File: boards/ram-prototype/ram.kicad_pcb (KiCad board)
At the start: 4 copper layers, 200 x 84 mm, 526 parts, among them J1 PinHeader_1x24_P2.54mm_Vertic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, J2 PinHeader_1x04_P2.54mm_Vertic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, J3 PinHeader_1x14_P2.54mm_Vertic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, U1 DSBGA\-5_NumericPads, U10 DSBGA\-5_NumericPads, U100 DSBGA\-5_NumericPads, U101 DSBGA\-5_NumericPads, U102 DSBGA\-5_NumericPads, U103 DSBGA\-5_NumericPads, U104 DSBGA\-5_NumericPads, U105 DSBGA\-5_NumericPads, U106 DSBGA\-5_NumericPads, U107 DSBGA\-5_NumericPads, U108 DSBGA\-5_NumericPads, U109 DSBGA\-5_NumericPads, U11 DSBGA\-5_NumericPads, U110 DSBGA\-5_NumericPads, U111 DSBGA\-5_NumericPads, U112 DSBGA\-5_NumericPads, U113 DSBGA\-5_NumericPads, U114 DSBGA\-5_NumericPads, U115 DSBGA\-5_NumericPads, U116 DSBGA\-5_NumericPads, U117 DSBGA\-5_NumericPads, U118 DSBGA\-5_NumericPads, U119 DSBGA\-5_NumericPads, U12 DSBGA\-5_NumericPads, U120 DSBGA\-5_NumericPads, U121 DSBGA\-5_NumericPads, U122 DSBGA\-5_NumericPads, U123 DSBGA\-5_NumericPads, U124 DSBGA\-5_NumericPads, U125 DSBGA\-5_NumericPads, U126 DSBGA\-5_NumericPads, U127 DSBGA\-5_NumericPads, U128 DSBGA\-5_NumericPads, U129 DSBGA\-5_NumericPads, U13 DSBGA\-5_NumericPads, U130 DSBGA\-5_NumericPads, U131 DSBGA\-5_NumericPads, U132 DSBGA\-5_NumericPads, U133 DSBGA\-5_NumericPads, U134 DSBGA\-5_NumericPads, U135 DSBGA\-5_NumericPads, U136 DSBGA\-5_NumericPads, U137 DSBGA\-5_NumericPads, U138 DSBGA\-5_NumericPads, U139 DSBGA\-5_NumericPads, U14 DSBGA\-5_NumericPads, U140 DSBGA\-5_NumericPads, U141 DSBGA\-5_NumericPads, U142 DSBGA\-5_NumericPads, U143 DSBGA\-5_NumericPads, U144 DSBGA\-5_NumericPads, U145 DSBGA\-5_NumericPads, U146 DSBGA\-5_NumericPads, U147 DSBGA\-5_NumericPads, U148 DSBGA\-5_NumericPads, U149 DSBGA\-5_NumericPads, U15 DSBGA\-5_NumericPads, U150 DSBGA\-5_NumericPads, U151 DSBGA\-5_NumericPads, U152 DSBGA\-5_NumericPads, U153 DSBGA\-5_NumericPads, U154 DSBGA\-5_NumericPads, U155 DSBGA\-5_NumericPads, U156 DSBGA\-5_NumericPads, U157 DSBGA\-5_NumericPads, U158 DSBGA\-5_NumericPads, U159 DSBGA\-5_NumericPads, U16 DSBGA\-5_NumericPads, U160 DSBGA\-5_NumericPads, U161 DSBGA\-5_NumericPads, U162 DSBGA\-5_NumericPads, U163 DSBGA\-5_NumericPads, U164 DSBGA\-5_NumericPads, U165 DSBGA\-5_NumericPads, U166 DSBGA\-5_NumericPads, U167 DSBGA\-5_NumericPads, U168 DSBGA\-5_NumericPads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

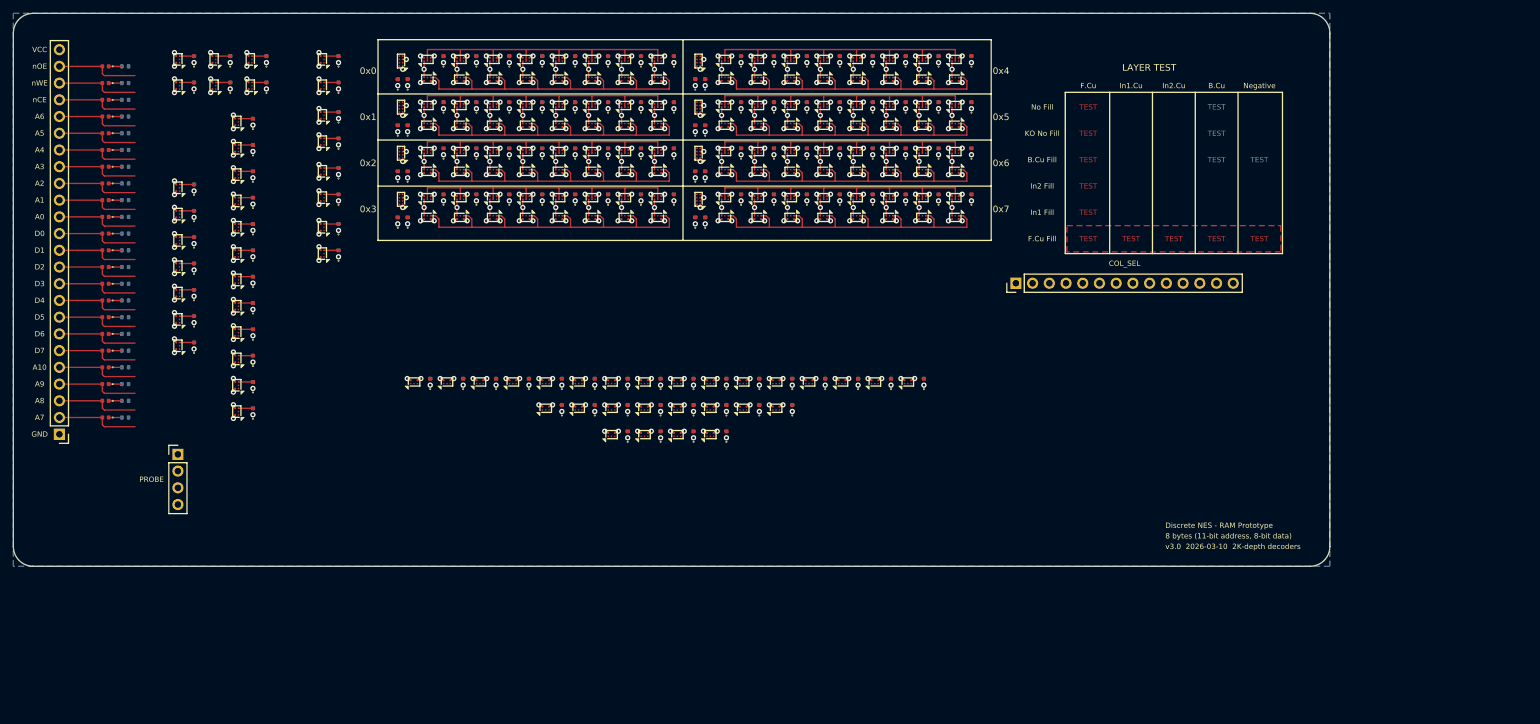
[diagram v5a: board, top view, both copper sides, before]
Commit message: Update row select to have the full complexity to test latency
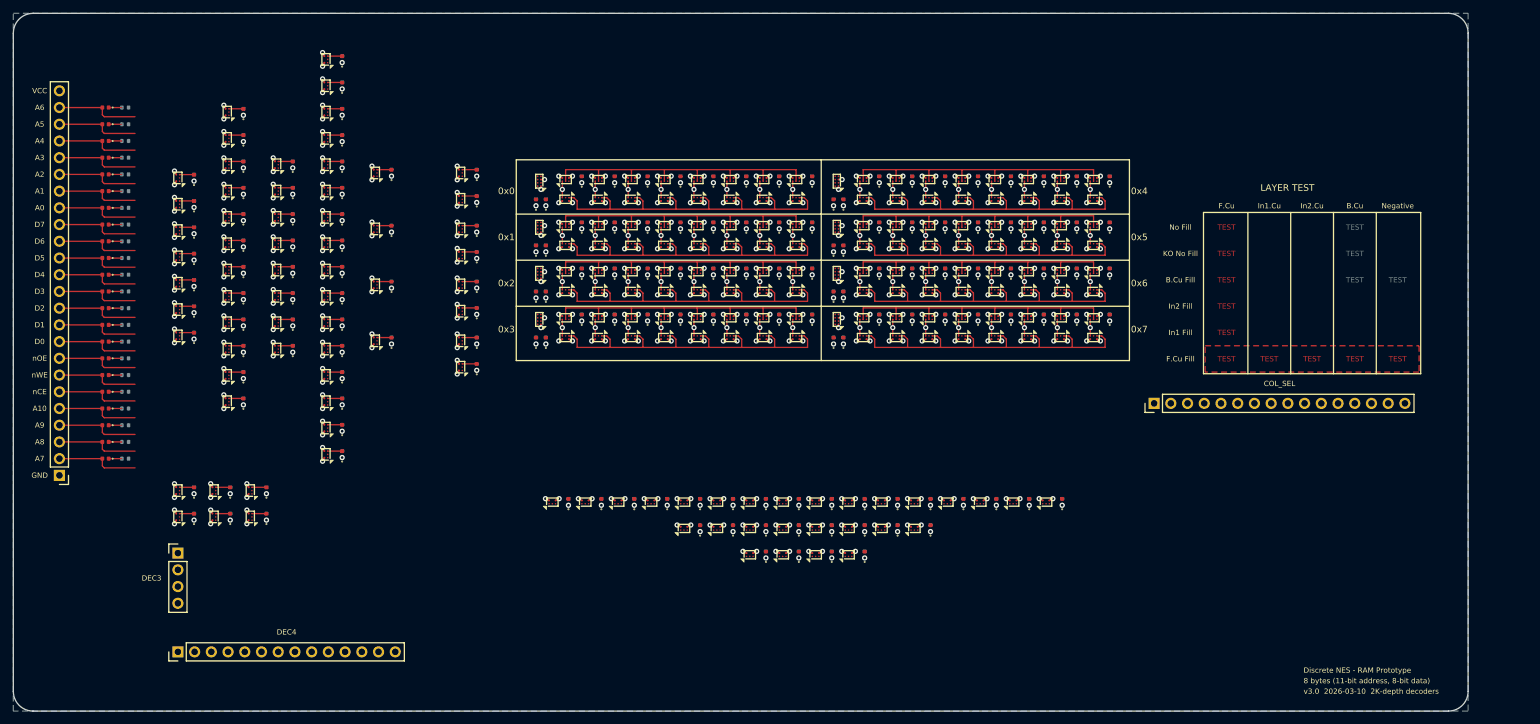
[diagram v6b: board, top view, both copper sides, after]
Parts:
- added D164: LED_0402_1005Metric, LED_SMD:LED_0402_1005Metric, F.Cu at (159.6, 38.2)
- added D165: LED_0402_1005Metric, LED_SMD:LED_0402_1005Metric, F.Cu at (159.6, 45.2)
- added D166: LED_0402_1005Metric, LED_SMD:LED_0402_1005Metric, F.Cu at (159.6, 52.2)
- added D167: LED_0402_1005Metric, LED_SMD:LED_0402_1005Metric, F.Cu at (159.6, 59.2)
- added D168: LED_0402_1005Metric, LED_SMD:LED_0402_1005Metric, F.Cu at (109.3, 38.2)
- added D169: LED_0402_1005Metric, LED_SMD:LED_0402_1005Metric, F.Cu at (109.3, 45.2)
- added D170: LED_0402_1005Metric, LED_SMD:LED_0402_1005Metric, F.Cu at (109.3, 52.2)
- added D171: LED_0402_1005Metric, LED_SMD:LED_0402_1005Metric, F.Cu at (109.3, 59.2)
- added D172: LED_0402_1005Metric, LED_SMD:LED_0402_1005Metric, F.Cu at (154.6, 38.2)
- added D173: LED_0402_1005Metric, LED_SMD:LED_0402_1005Metric, F.Cu at (154.6, 45.2)
- added D174: LED_0402_1005Metric, LED_SMD:LED_0402_1005Metric, F.Cu at (154.6, 52.2)
- added D175: LED_0402_1005Metric, LED_SMD:LED_0402_1005Metric, F.Cu at (154.6, 59.2)
- added D176: LED_0402_1005Metric, LED_SMD:LED_0402_1005Metric, F.Cu at (104.3, 38.2)
- added D177: LED_0402_1005Metric, LED_SMD:LED_0402_1005Metric, F.Cu at (104.3, 45.2)
- added D178: LED_0402_1005Metric, LED_SMD:LED_0402_1005Metric, F.Cu at (104.3, 52.2)
- added D179: LED_0402_1005Metric, LED_SMD:LED_0402_1005Metric, F.Cu at (104.3, 59.2)
- added D180: LED_0402_1005Metric, LED_SMD:LED_0402_1005Metric, F.Cu at (149.6, 38.2)
- added D181: LED_0402_1005Metric, LED_SMD:LED_0402_1005Metric, F.Cu at (149.6, 45.2)
- added D182: LED_0402_1005Metric, LED_SMD:LED_0402_1005Metric, F.Cu at (149.6, 52.2)
- added D183: LED_0402_1005Metric, LED_SMD:LED_0402_1005Metric, F.Cu at (149.6, 59.2)
- added D184: LED_0402_1005Metric, LED_SMD:LED_0402_1005Metric, F.Cu at (99.3, 38.2)
- added D185: LED_0402_1005Metric, LED_SMD:LED_0402_1005Metric, F.Cu at (99.3, 45.2)
- added D186: LED_0402_1005Metric, LED_SMD:LED_0402_1005Metric, F.Cu at (99.3, 52.2)
- added D187: LED_0402_1005Metric, LED_SMD:LED_0402_1005Metric, F.Cu at (99.3, 59.2)
- added D188: LED_0402_1005Metric, LED_SMD:LED_0402_1005Metric, F.Cu at (144.6, 38.2)
- added D189: LED_0402_1005Metric, LED_SMD:LED_0402_1005Metric, F.Cu at (144.6, 45.2)
- added D190: LED_0402_1005Metric, LED_SMD:LED_0402_1005Metric, F.Cu at (144.6, 52.2)
- added D191: LED_0402_1005Metric, LED_SMD:LED_0402_1005Metric, F.Cu at (144.6, 59.2)
- added J4: PinHeader_1x14_P2.54mm_Vertical, Connector_PinHeader_2.54mm:PinHeader_1x14_P2.54mm_Vertical, B.Cu at (38.0, 110.0)
- added R164: R_0402_1005Metric, Resistor_SMD:R_0402_1005Metric, B.Cu at (159.6, 38.2)
- added R165: R_0402_1005Metric, Resistor_SMD:R_0402_1005Metric, B.Cu at (159.6, 45.2)
- added R166: R_0402_1005Metric, Resistor_SMD:R_0402_1005Metric, B.Cu at (159.6, 52.2)
- added R167: R_0402_1005Metric, Resistor_SMD:R_0402_1005Metric, B.Cu at (159.6, 59.2)
- added R168: R_0402_1005Metric, Resistor_SMD:R_0402_1005Metric, B.Cu at (109.3, 38.2)
- added R169: R_0402_1005Metric, Resistor_SMD:R_0402_1005Metric, B.Cu at (109.3, 45.2)
- added R170: R_0402_1005Metric, Resistor_SMD:R_0402_1005Metric, B.Cu at (109.3, 52.2)
- added R171: R_0402_1005Metric, Resistor_SMD:R_0402_1005Metric, B.Cu at (109.3, 59.2)
- added R172: R_0402_1005Metric, Resistor_SMD:R_0402_1005Metric, B.Cu at (154.6, 38.2)
- added R173: R_0402_1005Metric, Resistor_SMD:R_0402_1005Metric, B.Cu at (154.6, 45.2)
- added R174: R_0402_1005Metric, Resistor_SMD:R_0402_1005Metric, B.Cu at (154.6, 52.2)
- added R175: R_0402_1005Metric, Resistor_SMD:R_0402_1005Metric, B.Cu at (154.6, 59.2)
- added R176: R_0402_1005Metric, Resistor_SMD:R_0402_1005Metric, B.Cu at (104.3, 38.2)
- added R177: R_0402_1005Metric, Resistor_SMD:R_0402_1005Metric, B.Cu at (104.3, 45.2)
- added R178: R_0402_1005Metric, Resistor_SMD:R_0402_1005Metric, B.Cu at (104.3, 52.2)
- added R179: R_0402_1005Metric, Resistor_SMD:R_0402_1005Metric, B.Cu at (104.3, 59.2)
- added R180: R_0402_1005Metric, Resistor_SMD:R_0402_1005Metric, B.Cu at (149.6, 38.2)
- added R181: R_0402_1005Metric, Resistor_SMD:R_0402_1005Metric, B.Cu at (149.6, 45.2)
- added R182: R_0402_1005Metric, Resistor_SMD:R_0402_1005Metric, B.Cu at (149.6, 52.2)
- added R183: R_0402_1005Metric, Resistor_SMD:R_0402_1005Metric, B.Cu at (149.6, 59.2)
- added R184: R_0402_1005Metric, Resistor_SMD:R_0402_1005Metric, B.Cu at (99.3, 38.2)
- added R185: R_0402_1005Metric, Resistor_SMD:R_0402_1005Metric, B.Cu at (99.3, 45.2)
- added R186: R_0402_1005Metric, Resistor_SMD:R_0402_1005Metric, B.Cu at (99.3, 52.2)
- added R187: R_0402_1005Metric, Resistor_SMD:R_0402_1005Metric, B.Cu at (99.3, 59.2)
- added R188: R_0402_1005Metric, Resistor_SMD:R_0402_1005Metric, B.Cu at (144.6, 38.2)
- added R189: R_0402_1005Metric, Resistor_SMD:R_0402_1005Metric, B.Cu at (144.6, 45.2)
- added R190: R_0402_1005Metric, Resistor_SMD:R_0402_1005Metric, B.Cu at (144.6, 52.2)
- added R191: R_0402_1005Metric, Resistor_SMD:R_0402_1005Metric, B.Cu at (144.6, 59.2)
- added U198: DSBGA\-5_NumericPads, DSBGA_Packages:DSBGA-5_NumericPads, F.Cu at (147.1, 38.2)
- added U199: DSBGA\-5_NumericPads, DSBGA_Packages:DSBGA-5_NumericPads, F.Cu at (147.1, 45.2)
- added U200: DSBGA\-5_NumericPads, DSBGA_Packages:DSBGA-5_NumericPads, F.Cu at (147.1, 52.2)
- added U201: DSBGA\-5_NumericPads, DSBGA_Packages:DSBGA-5_NumericPads, F.Cu at (147.1, 59.2)
- added U202: DSBGA\-5_NumericPads, DSBGA_Packages:DSBGA-5_NumericPads, F.Cu at (101.9, 41.2)
- added U203: DSBGA\-5_NumericPads, DSBGA_Packages:DSBGA-5_NumericPads, F.Cu at (101.9, 48.2)
- added U204: DSBGA\-5_NumericPads, DSBGA_Packages:DSBGA-5_NumericPads, F.Cu at (101.9, 55.2)
- added U205: DSBGA\-5_NumericPads, DSBGA_Packages:DSBGA-5_NumericPads, F.Cu at (101.9, 62.2)
- added U206: DSBGA\-5_NumericPads, DSBGA_Packages:DSBGA-5_NumericPads, F.Cu at (147.1, 41.2)
- added U207: DSBGA\-5_NumericPads, DSBGA_Packages:DSBGA-5_NumericPads, F.Cu at (147.1, 48.2)
- added U208: DSBGA\-5_NumericPads, DSBGA_Packages:DSBGA-5_NumericPads, F.Cu at (147.1, 55.2)
- added U209: DSBGA\-5_NumericPads, DSBGA_Packages:DSBGA-5_NumericPads, F.Cu at (147.1, 62.2)
- added U210: DSBGA\-5_NumericPads, DSBGA_Packages:DSBGA-5_NumericPads, F.Cu at (96.9, 38.2)
- added U211: DSBGA\-5_NumericPads, DSBGA_Packages:DSBGA-5_NumericPads, F.Cu at (96.9, 45.2)
- added U212: DSBGA\-5_NumericPads, DSBGA_Packages:DSBGA-5_NumericPads, F.Cu at (96.9, 52.2)
- added U213: DSBGA\-5_NumericPads, DSBGA_Packages:DSBGA-5_NumericPads, F.Cu at (96.9, 59.2)
- added U214: DSBGA\-5_NumericPads, DSBGA_Packages:DSBGA-5_NumericPads, F.Cu at (142.1, 38.2)
- added U215: DSBGA\-5_NumericPads, DSBGA_Packages:DSBGA-5_NumericPads, F.Cu at (142.1, 45.2)
- added U216: DSBGA\-5_NumericPads, DSBGA_Packages:DSBGA-5_NumericPads, F.Cu at (142.1, 52.2)
- added U217: DSBGA\-5_NumericPads, DSBGA_Packages:DSBGA-5_NumericPads, F.Cu at (142.1, 59.2)
- added U218: DSBGA\-5_NumericPads, DSBGA_Packages:DSBGA-5_NumericPads, F.Cu at (96.9, 41.2)
- added U219: DSBGA\-5_NumericPads, DSBGA_Packages:DSBGA-5_NumericPads, F.Cu at (96.9, 48.2)
- added U220: DSBGA\-5_NumericPads, DSBGA_Packages:DSBGA-5_NumericPads, F.Cu at (96.9, 55.2)
- added U221: DSBGA\-5_NumericPads, DSBGA_Packages:DSBGA-5_NumericPads, F.Cu at (96.9, 62.2)
- added U222: DSBGA\-5_NumericPads, DSBGA_Packages:DSBGA-5_NumericPads, F.Cu at (142.1, 41.2)
- added U223: DSBGA\-5_NumericPads, DSBGA_Packages:DSBGA-5_NumericPads, F.Cu at (142.1, 48.2)
- added U224: DSBGA\-5_NumericPads, DSBGA_Packages:DSBGA-5_NumericPads, F.Cu at (142.1, 55.2)
- added U225: DSBGA\-5_NumericPads, DSBGA_Packages:DSBGA-5_NumericPads, F.Cu at (142.1, 62.2)
- J3: value PinHeader_1x14_P2.54mm_Vertical -> PinHeader_1x16_P2.54mm_Vertical; footprint Connector_PinHeader_2.54mm:PinHeader_1x14_P2.54mm_Vertical -> Connector_PinHeader_2.54mm:PinHeader_1x16_P2.54mm_Vertical
- U62, U63, U64, U65, U66, U67, U68, U69: value DSBGA\-8_NumericPads -> DSBGA\-5_NumericPads; footprint DSBGA_Packages:DSBGA-8_NumericPads -> DSBGA_Packages:DSBGA-5_NumericPads
- U90, U91, U92, U93, U94, U95, U96, U97: value DSBGA\-5_NumericPads -> DSBGA\-8_NumericPads; footprint DSBGA_Packages:DSBGA-5_NumericPads -> DSBGA_Packages:DSBGA-8_NumericPads
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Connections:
- D1 pad 2: /Control Logic/nOE -> /Address Decoder/A6
- D10 pad 2: /Address Decoder/A0 -> /D5
- D100 pad 2: Net-(D100-A) -> /WRITE_EN_ROW_2
- D101 pad 2: Net-(D101-A) -> /WRITE_EN_ROW_3
- D102 pad 2: Net-(D102-A) -> /READ_EN_ROW_0
- D103 pad 2: Net-(D103-A) -> /READ_EN_ROW_1
- D104 pad 2: Net-(D104-A) -> /READ_EN_ROW_2
- D105 pad 2: Net-(D105-A) -> /READ_EN_ROW_3
- D11 pad 2: /D0 -> /D4
- D110 pad 2: Net-(D110-A) -> /WRITE_ACTIVE
- D111 pad 2: Net-(D111-A) -> /READ_EN
- D12 pad 2: /D1 -> /D3
- D14 pad 2: /D3 -> /D1
- D15 pad 2: /D4 -> /D0
- D16 pad 2: /D5 -> /nOE
- D17 pad 2: /D6 -> /nWE
- D18 pad 2: /D7 -> /nCE
- D2 pad 2: /Control Logic/nWE -> /Address Decoder/A5
- D23 pad 2: Net-(D23-A) -> /Address Decoder/nA0
- D24 pad 2: Net-(D24-A) -> /Address Decoder/nA1
- D25 pad 2: Net-(D25-A) -> /Address Decoder/nA2
- D26 pad 2: Net-(D26-A) -> /Address Decoder/nA3
- D27 pad 2: Net-(D27-A) -> /Address Decoder/nA4
- D28 pad 2: Net-(D28-A) -> /Address Decoder/nA5
- D29 pad 2: Net-(D29-A) -> /Address Decoder/nA6
- D3 pad 2: /Control Logic/nCE -> /Address Decoder/A4
- D30 pad 2: /RS1 -> /Address Decoder/G0
- D31 pad 2: /RS2 -> /Address Decoder/G1
- D32 pad 2: /RS3 -> /Address Decoder/G2
- D33 pad 2: /RS4 -> /Address Decoder/G3
- D34 pad 2: Net-(D34-A) -> /Address Decoder/DEC3_0
- D35 pad 2: Net-(D35-A) -> /Address Decoder/DEC3_1
- D36 pad 2: Net-(D36-A) -> /Address Decoder/DEC3_2
- D37 pad 2: Net-(D37-A) -> /Address Decoder/DEC3_3
- D38 pad 2: /Address Decoder/ROW_SEL_0 -> /DEC3_4
- D39 pad 2: /Address Decoder/ROW_SEL_1 -> /DEC3_5
- D4 pad 2: /Address Decoder/A6 -> /Address Decoder/A3
- D40 pad 2: /Address Decoder/ROW_SEL_2 -> /DEC3_6
- D41 pad 2: /Address Decoder/ROW_SEL_3 -> /DEC3_7
- D42 pad 2: Net-(D42-A) -> /Address Decoder/HA0
- D43 pad 2: Net-(D43-A) -> /Address Decoder/HA1
- D44 pad 2: Net-(D44-A) -> /Address Decoder/HA2
- D45 pad 2: Net-(D45-A) -> /Address Decoder/HA3
- D46 pad 2: /Column Select/GA0 -> /Address Decoder/HB0
- D47 pad 2: /Column Select/GA1 -> /Address Decoder/HB1
- D48 pad 2: /Column Select/GA2 -> /Address Decoder/HB2
- D49 pad 2: /Column Select/GA3 -> /Address Decoder/HB3
- D5 pad 2: /Address Decoder/A5 -> /Address Decoder/A2
- D50 pad 2: /Column Select/GB0 -> /Address Decoder/DEC4_0
- D51 pad 2: /Column Select/GB1 -> /DEC4_1
- D52 pad 2: /Column Select/GB2 -> /DEC4_2
- D53 pad 2: /Column Select/GB3 -> /DEC4_3
- D54 pad 2: /COL_SEL_0 -> /DEC4_4
- D55 pad 2: /COL_SEL_1 -> /DEC4_5
- D56 pad 2: /COL_SEL_2 -> /DEC4_6
- D57 pad 2: /COL_SEL_3 -> /DEC4_7
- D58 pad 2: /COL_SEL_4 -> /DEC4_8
--------------------------------
YOUR INSTRUCTIONS | Using the material above, transcribe exactly the lines from the line with "B.Cu at (154.6, 52.2)" to the line with "B.Cu at (144.6, 45.2)"; both count, and nothing else goes in.

ANSWER TO THE PROBLEM |
- added R174: R_0402_1005Metric, Resistor_SMD:R_0402_1005Metric, B.Cu at (154.6, 52.2)
- added R175: R_0402_1005Metric, Resistor_SMD:R_0402_1005Metric, B.Cu at (154.6, 59.2)
- added R176: R_0402_1005Metric, Resistor_SMD:R_0402_1005Metric, B.Cu at (104.3, 38.2)
- added R177: R_0402_1005Metric, Resistor_SMD:R_0402_1005Metric, B.Cu at (104.3, 45.2)
- added R178: R_0402_1005Metric, Resistor_SMD:R_0402_1005Metric, B.Cu at (104.3, 52.2)
- added R179: R_0402_1005Metric, Resistor_SMD:R_0402_1005Metric, B.Cu at (104.3, 59.2)
- added R180: R_0402_1005Metric, Resistor_SMD:R_0402_1005Metric, B.Cu at (149.6, 38.2)
- added R181: R_0402_1005Metric, Resistor_SMD:R_0402_1005Metric, B.Cu at (149.6, 45.2)
- added R182: R_0402_1005Metric, Resistor_SMD:R_0402_1005Metric, B.Cu at (149.6, 52.2)
- added R183: R_0402_1005Metric, Resistor_SMD:R_0402_1005Metric, B.Cu at (149.6, 59.2)
- added R184: R_0402_1005Metric, Resistor_SMD:R_0402_1005Metric, B.Cu at (99.3, 38.2)
- added R185: R_0402_1005Metric, Resistor_SMD:R_0402_1005Metric, B.Cu at (99.3, 45.2)
- added R186: R_0402_1005Metric, Resistor_SMD:R_0402_1005Metric, B.Cu at (99.3, 52.2)
- added R187: R_0402_1005Metric, Resistor_SMD:R_0402_1005Metric, B.Cu at (99.3, 59.2)
- added R188: R_0402_1005Metric, Resistor_SMD:R_0402_1005Metric, B.Cu at (144.6, 38.2)
- added R189: R_0402_1005Metric, Resistor_SMD:R_0402_1005Metric, B.Cu at (144.6, 45.2)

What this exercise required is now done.